Exactly as written, output the lines below starting from the first and ending with the line that contains "doc.units = ezdxf.units.MM"; omit pictures.

● Dataset records
[Start of section]

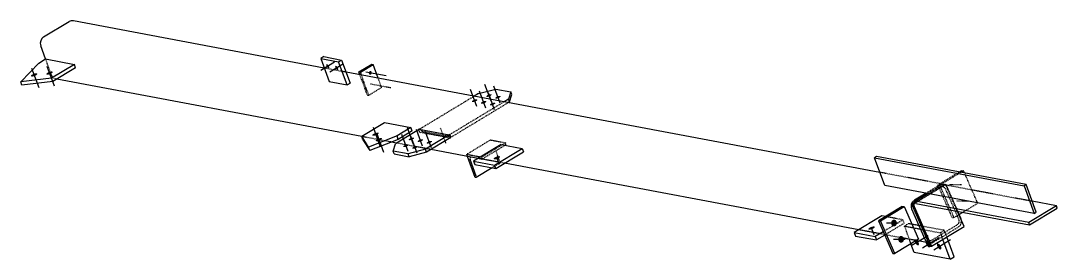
# Model space of a CAD drawing. Header units: millimetres. Extents: x 24 to 44783, y 9 to 937.
# Drawn here: x 24 to 3986, y 24 to 937 of the extents above; entities that cross this region are included whole.
import ezdxf

# ---------------------------------------------------------------- set-up
doc = ezdxf.new("R2010")
doc.units = ezdxf.units.MM
doc.linetypes.add('DXK_LINE_DOT2', pattern=[3.9198, 1.9599, -1.9599])
doc.layers.add('STÅL', color=7, linetype='Continuous')

msp = doc.modelspace()

# ---------------------------------------------------------------- hatches: boundary and pattern name
at = {"layer": 'STÅL', "linetype": 'Continuous'}
for points in [[(1201.1, 765.2), (1202, 763.6), (1202.7, 761.9), (1203.2, 760.3), (1203.4, 758.8), (1203.4, 757.5), (1203.1, 756.4), (1202.5, 755.6), (1201.8, 755.2), (1200.8, 755), (1199.7, 755.3), (1198.6, 755.9), (1197.3, 756.7), (1196.1, 757.9), (1194.9, 759.3), (1193.9, 760.9), (1193, 762.5), (1192.3, 764.2), (1191.8, 765.8), (1191.6, 767.3), (1191.7, 768.6), (1192, 769.7), (1192.5, 770.5), (1193.3, 770.9), (1194.2, 771), (1195.3, 770.8), (1196.5, 770.2), (1197.7, 769.3), (1198.9, 768.2), (1200.1, 766.8)], [(1235.4, 758.8), (1236.3, 757.1), (1237, 755.5), (1237.4, 753.8), (1237.7, 752.3), (1237.6, 751), (1237.3, 750), (1236.8, 749.2), (1236, 748.7), (1235.1, 748.6), (1234, 748.8), (1232.8, 749.4), (1231.6, 750.3), (1230.4, 751.5), (1229.2, 752.9), (1228.2, 754.4), (1227.3, 756.1), (1226.6, 757.7), (1226.1, 759.4), (1225.9, 760.9), (1225.9, 762.2), (1226.2, 763.2), (1226.8, 764), (1227.5, 764.5), (1228.5, 764.6), (1229.6, 764.4), (1230.7, 763.8), (1232, 762.9), (1233.2, 761.7), (1234.4, 760.3)], [(76.5, 725.5), (74, 724.6), (71.4, 724), (69.1, 723.6), (67, 723.5), (65.2, 723.7), (63.9, 724.1), (63, 724.8), (62.7, 725.7), (62.9, 726.7), (63.7, 727.9), (64.9, 729.1), (66.6, 730.4), (68.7, 731.6), (71, 732.8), (73.5, 733.8), (76.1, 734.7), (78.6, 735.3), (81, 735.6), (83.1, 735.7), (84.8, 735.6), (86.2, 735.2), (87, 734.5), (87.3, 733.6), (87.1, 732.6), (86.4, 731.4), (85.1, 730.1), (83.4, 728.9), (81.4, 727.6), (79, 726.5)], [(135.6, 732.7), (133, 731.9), (130.5, 731.2), (128.1, 730.9), (126, 730.8), (124.3, 730.9), (122.9, 731.3), (122.1, 732), (121.8, 732.9), (122, 733.9), (122.7, 735.1), (124, 736.4), (125.7, 737.6), (127.7, 738.9), (130.1, 740), (132.6, 741), (135.1, 741.9), (137.7, 742.5), (140, 742.9), (142.1, 743), (143.9, 742.8), (145.2, 742.4), (146.1, 741.7), (146.4, 740.8), (146.2, 739.8), (145.4, 738.6), (144.2, 737.4), (142.5, 736.1), (140.4, 734.9), (138.1, 733.7)], [(1354.5, 738.5), (1354.9, 739.9), (1355.5, 741.2), (1356.4, 742.4), (1357.4, 743.3), (1358.5, 744), (1359.6, 744.4), (1360.8, 744.4), (1362, 744.2), (1363.1, 743.7), (1364.1, 742.9), (1364.8, 741.9), (1365.4, 740.7), (1365.8, 739.3), (1365.9, 737.9), (1365.7, 736.4), (1365.3, 735), (1364.7, 733.7), (1363.9, 732.6), (1362.9, 731.7), (1361.8, 731), (1360.6, 730.6), (1359.4, 730.5), (1358.3, 730.8), (1357.2, 731.3), (1356.2, 732.1), (1355.4, 733.1), (1354.8, 734.3), (1354.5, 735.7), (1354.4, 737.1)], [(1760.3, 627.6), (1758.2, 626.9), (1756, 626.4), (1754, 626.1), (1752.2, 626), (1750.7, 626.1), (1749.6, 626.5), (1748.9, 627), (1748.6, 627.8), (1748.8, 628.7), (1749.5, 629.6), (1750.5, 630.7), (1751.9, 631.8), (1753.7, 632.8), (1755.6, 633.8), (1757.8, 634.7), (1759.9, 635.4), (1762.1, 635.9), (1764.1, 636.2), (1765.9, 636.3), (1767.4, 636.2), (1768.5, 635.8), (1769.2, 635.2), (1769.5, 634.5), (1769.3, 633.6), (1768.6, 632.6), (1767.6, 631.6), (1766.2, 630.5), (1764.4, 629.4), (1762.5, 628.5)], [(1815.2, 647.2), (1813.1, 646.5), (1810.9, 646), (1808.9, 645.7), (1807.1, 645.6), (1805.6, 645.7), (1804.5, 646.1), (1803.8, 646.7), (1803.5, 647.4), (1803.7, 648.3), (1804.4, 649.3), (1805.4, 650.3), (1806.8, 651.4), (1808.6, 652.5), (1810.5, 653.4), (1812.7, 654.3), (1814.8, 655), (1817, 655.5), (1819, 655.8), (1820.8, 655.9), (1822.3, 655.8), (1823.4, 655.4), (1824.1, 654.9), (1824.4, 654.1), (1824.2, 653.2), (1823.5, 652.3), (1822.5, 651.2), (1821.1, 650.1), (1819.3, 649.1), (1817.4, 648.1)], [(1849.5, 640.8), (1847.3, 640.1), (1845.2, 639.6), (1843.2, 639.3), (1841.4, 639.2), (1839.9, 639.3), (1838.8, 639.7), (1838.1, 640.2), (1837.8, 640.9), (1838, 641.8), (1838.6, 642.8), (1839.7, 643.9), (1841.1, 645), (1842.8, 646), (1844.8, 647), (1846.9, 647.9), (1849.1, 648.6), (1851.2, 649.1), (1853.3, 649.4), (1855, 649.5), (1856.5, 649.3), (1857.7, 649), (1858.4, 648.4), (1858.6, 647.7), (1858.4, 646.8), (1857.8, 645.8), (1856.8, 644.8), (1855.3, 643.7), (1853.6, 642.6), (1851.6, 641.6)], [(1794.6, 621.2), (1792.4, 620.5), (1790.3, 619.9), (1788.3, 619.6), (1786.5, 619.5), (1785, 619.7), (1783.9, 620), (1783.2, 620.6), (1782.9, 621.3), (1783.1, 622.2), (1783.7, 623.2), (1784.8, 624.3), (1786.2, 625.3), (1787.9, 626.4), (1789.9, 627.4), (1792, 628.2), (1794.2, 628.9), (1796.3, 629.5), (1798.4, 629.8), (1800.1, 629.9), (1801.6, 629.7), (1802.8, 629.4), (1803.5, 628.8), (1803.7, 628.1), (1803.5, 627.2), (1802.9, 626.2), (1801.9, 625.1), (1800.4, 624), (1798.7, 623), (1796.7, 622)], [(1828.9, 614.7), (1826.7, 614), (1824.6, 613.5), (1822.6, 613.2), (1820.8, 613.1), (1819.3, 613.2), (1818.2, 613.6), (1817.4, 614.1), (1817.2, 614.9), (1817.4, 615.8), (1818, 616.8), (1819, 617.8), (1820.5, 618.9), (1822.2, 620), (1824.2, 620.9), (1826.3, 621.8), (1828.5, 622.5), (1830.6, 623), (1832.6, 623.3), (1834.4, 623.4), (1835.9, 623.3), (1837, 622.9), (1837.7, 622.4), (1838, 621.6), (1837.8, 620.7), (1837.2, 619.7), (1836.1, 618.7), (1834.7, 617.6), (1833, 616.6), (1831, 615.6)], [(1381.8, 498.5), (1379.2, 497.7), (1376.7, 497.1), (1374.3, 496.7), (1372.2, 496.6), (1370.4, 496.8), (1369.1, 497.2), (1368.2, 497.8), (1367.9, 498.7), (1368.1, 499.8), (1368.9, 500.9), (1370.1, 502.2), (1371.8, 503.5), (1373.9, 504.7), (1376.2, 505.9), (1378.7, 506.9), (1381.3, 507.7), (1383.8, 508.3), (1386.2, 508.7), (1388.3, 508.8), (1390.1, 508.6), (1391.4, 508.2), (1392.2, 507.6), (1392.5, 506.7), (1392.3, 505.6), (1391.6, 504.5), (1390.3, 503.2), (1388.6, 501.9), (1386.6, 500.7), (1384.3, 499.5)], [(1394.6, 477.8), (1392, 477), (1389.5, 476.3), (1387.1, 476), (1385, 475.9), (1383.3, 476), (1381.9, 476.4), (1381.1, 477.1), (1380.8, 478), (1381, 479), (1381.7, 480.2), (1383, 481.5), (1384.7, 482.7), (1386.7, 484), (1389.1, 485.1), (1391.6, 486.1), (1394.1, 487), (1396.7, 487.6), (1399, 488), (1401.1, 488.1), (1402.9, 487.9), (1404.2, 487.5), (1405.1, 486.8), (1405.4, 485.9), (1405.2, 484.9), (1404.4, 483.7), (1403.2, 482.5), (1401.5, 481.2), (1399.4, 480), (1397.1, 478.8)], [(1518.6, 481.4), (1516.5, 480.7), (1514.3, 480.2), (1512.3, 479.9), (1510.5, 479.8), (1509, 479.9), (1507.9, 480.3), (1507.2, 480.8), (1506.9, 481.6), (1507.1, 482.4), (1507.8, 483.4), (1508.8, 484.5), (1510.2, 485.6), (1512, 486.6), (1513.9, 487.6), (1516.1, 488.5), (1518.2, 489.2), (1520.4, 489.7), (1522.4, 490), (1524.2, 490.1), (1525.7, 490), (1526.8, 489.6), (1527.5, 489), (1527.8, 488.3), (1527.6, 487.4), (1526.9, 486.4), (1525.9, 485.4), (1524.5, 484.3), (1522.7, 483.2), (1520.8, 482.3)], [(1552.9, 475), (1550.7, 474.3), (1548.6, 473.7), (1546.6, 473.4), (1544.8, 473.3), (1543.3, 473.5), (1542.2, 473.8), (1541.5, 474.4), (1541.2, 475.1), (1541.4, 476), (1542, 477), (1543.1, 478.1), (1544.5, 479.1), (1546.2, 480.2), (1548.2, 481.2), (1550.3, 482), (1552.5, 482.7), (1554.6, 483.3), (1556.7, 483.6), (1558.4, 483.7), (1559.9, 483.5), (1561.1, 483.2), (1561.8, 482.6), (1562, 481.9), (1561.8, 481), (1561.2, 480), (1560.2, 478.9), (1558.7, 477.8), (1557, 476.8), (1555, 475.8)], [(1587.2, 468.5), (1585, 467.8), (1582.9, 467.3), (1580.9, 467), (1579.1, 466.9), (1577.6, 467), (1576.5, 467.4), (1575.7, 467.9), (1575.5, 468.7), (1575.7, 469.6), (1576.3, 470.6), (1577.3, 471.6), (1578.8, 472.7), (1580.5, 473.8), (1582.5, 474.7), (1584.6, 475.6), (1586.8, 476.3), (1588.9, 476.8), (1590.9, 477.1), (1592.7, 477.2), (1594.2, 477.1), (1595.3, 476.7), (1596, 476.2), (1596.3, 475.4), (1596.1, 474.5), (1595.5, 473.5), (1594.4, 472.5), (1593, 471.4), (1591.3, 470.4), (1589.3, 469.4)], [(1498, 455.3), (1495.8, 454.6), (1493.7, 454.1), (1491.7, 453.8), (1489.9, 453.7), (1488.4, 453.8), (1487.3, 454.2), (1486.6, 454.8), (1486.3, 455.5), (1486.5, 456.4), (1487.1, 457.4), (1488.2, 458.4), (1489.6, 459.5), (1491.3, 460.6), (1493.3, 461.5), (1495.4, 462.4), (1497.6, 463.1), (1499.7, 463.6), (1501.8, 463.9), (1503.5, 464), (1505, 463.9), (1506.2, 463.5), (1506.9, 463), (1507.1, 462.2), (1506.9, 461.4), (1506.3, 460.4), (1505.3, 459.3), (1503.8, 458.2), (1502.1, 457.2), (1500.1, 456.2)], [(1532.3, 448.9), (1530.1, 448.2), (1528, 447.7), (1526, 447.4), (1524.2, 447.3), (1522.7, 447.4), (1521.6, 447.8), (1520.8, 448.3), (1520.6, 449.1), (1520.8, 449.9), (1521.4, 450.9), (1522.4, 452), (1523.9, 453.1), (1525.6, 454.1), (1527.6, 455.1), (1529.7, 456), (1531.9, 456.7), (1534, 457.2), (1536, 457.5), (1537.8, 457.6), (1539.3, 457.5), (1540.4, 457.1), (1541.1, 456.5), (1541.4, 455.8), (1541.2, 454.9), (1540.6, 453.9), (1539.5, 452.9), (1538.1, 451.8), (1536.4, 450.7), (1534.4, 449.8)], [(1846, 408.5), (1843.4, 407.7), (1840.9, 407.1), (1838.5, 406.7), (1836.4, 406.6), (1834.6, 406.8), (1833.3, 407.2), (1832.5, 407.9), (1832.1, 408.7), (1832.4, 409.8), (1833.1, 411), (1834.4, 412.2), (1836, 413.5), (1838.1, 414.7), (1840.4, 415.9), (1842.9, 416.9), (1845.5, 417.7), (1848, 418.4), (1850.4, 418.7), (1852.5, 418.8), (1854.3, 418.7), (1855.6, 418.2), (1856.4, 417.6), (1856.8, 416.7), (1856.5, 415.7), (1855.8, 414.5), (1854.5, 413.2), (1852.9, 412), (1850.8, 410.7), (1848.5, 409.6)], [(3351, 162.7), (3351.2, 165.4), (3352, 168), (3353.1, 170.3), (3354.6, 172.3), (3356.5, 173.9), (3358.6, 175), (3360.9, 175.6), (3363.2, 175.6), (3365.4, 175.1), (3367.6, 174), (3369.4, 172.4), (3371, 170.3), (3372.1, 168), (3372.8, 165.4), (3373.1, 162.7), (3372.9, 160), (3372.2, 157.4), (3371, 155.1), (3369.5, 153), (3367.6, 151.4), (3365.5, 150.3), (3363.2, 149.8), (3360.9, 149.8), (3358.7, 150.3), (3356.6, 151.4), (3354.7, 153), (3353.1, 155), (3352, 157.4), (3351.3, 160)], [(3278.1, 139.4), (3275.5, 138.6), (3273, 138), (3270.6, 137.6), (3268.5, 137.5), (3266.8, 137.7), (3265.4, 138.1), (3264.6, 138.8), (3264.3, 139.6), (3264.5, 140.7), (3265.2, 141.9), (3266.5, 143.1), (3268.2, 144.4), (3270.2, 145.6), (3272.5, 146.8), (3275, 147.8), (3277.6, 148.6), (3280.1, 149.2), (3282.5, 149.6), (3284.6, 149.7), (3286.4, 149.6), (3287.7, 149.1), (3288.6, 148.5), (3288.9, 147.6), (3288.7, 146.6), (3287.9, 145.4), (3286.7, 144.1), (3285, 142.8), (3282.9, 141.6), (3280.6, 140.5)], [(3378.2, 100.4), (3378.4, 103.1), (3379.2, 105.7), (3380.3, 108), (3381.8, 110.1), (3383.7, 111.7), (3385.8, 112.8), (3388.1, 113.3), (3390.4, 113.3), (3392.6, 112.8), (3394.8, 111.7), (3396.6, 110.1), (3398.2, 108.1), (3399.3, 105.7), (3400.1, 103.1), (3400.3, 100.4), (3400.1, 97.7), (3399.4, 95.2), (3398.2, 92.8), (3396.7, 90.8), (3394.8, 89.2), (3392.7, 88.1), (3390.4, 87.5), (3388.1, 87.5), (3385.9, 88), (3383.8, 89.1), (3381.9, 90.7), (3380.3, 92.8), (3379.2, 95.1), (3378.5, 97.7)], [(3454.2, 92.2), (3455.4, 89.9), (3456.4, 87.4), (3457.1, 85.1), (3457.4, 82.9), (3457.4, 81), (3456.9, 79.5), (3456.2, 78.3), (3455.1, 77.7), (3453.7, 77.5), (3452.1, 77.9), (3450.4, 78.7), (3448.7, 80), (3446.9, 81.7), (3445.2, 83.7), (3443.7, 85.9), (3442.4, 88.3), (3441.4, 90.7), (3440.7, 93.1), (3440.4, 95.2), (3440.5, 97.1), (3440.9, 98.7), (3441.7, 99.8), (3442.8, 100.5), (3444.1, 100.6), (3445.7, 100.3), (3447.4, 99.5), (3449.2, 98.2), (3451, 96.5), (3452.6, 94.5)], [(3497, 84.2), (3498.3, 81.8), (3499.3, 79.4), (3500, 77), (3500.3, 74.9), (3500.2, 73), (3499.8, 71.4), (3499, 70.3), (3497.9, 69.6), (3496.6, 69.5), (3495, 69.8), (3493.3, 70.6), (3491.5, 71.9), (3489.7, 73.6), (3488.1, 75.6), (3486.5, 77.9), (3485.3, 80.3), (3484.3, 82.7), (3483.6, 85), (3483.3, 87.2), (3483.3, 89.1), (3483.8, 90.6), (3484.5, 91.8), (3485.6, 92.4), (3487, 92.6), (3488.6, 92.2), (3490.3, 91.4), (3492, 90.1), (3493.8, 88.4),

[End of section]

● Task answer
# Model space of a CAD drawing. Header units: millimetres. Extents: x 24 to 44783, y 9 to 937.
# Drawn here: x 24 to 3986, y 24 to 937 of the extents above; entities that cross this region are included whole.
import ezdxf

# ---------------------------------------------------------------- set-up
doc = ezdxf.new("R2010")
doc.units = ezdxf.units.MM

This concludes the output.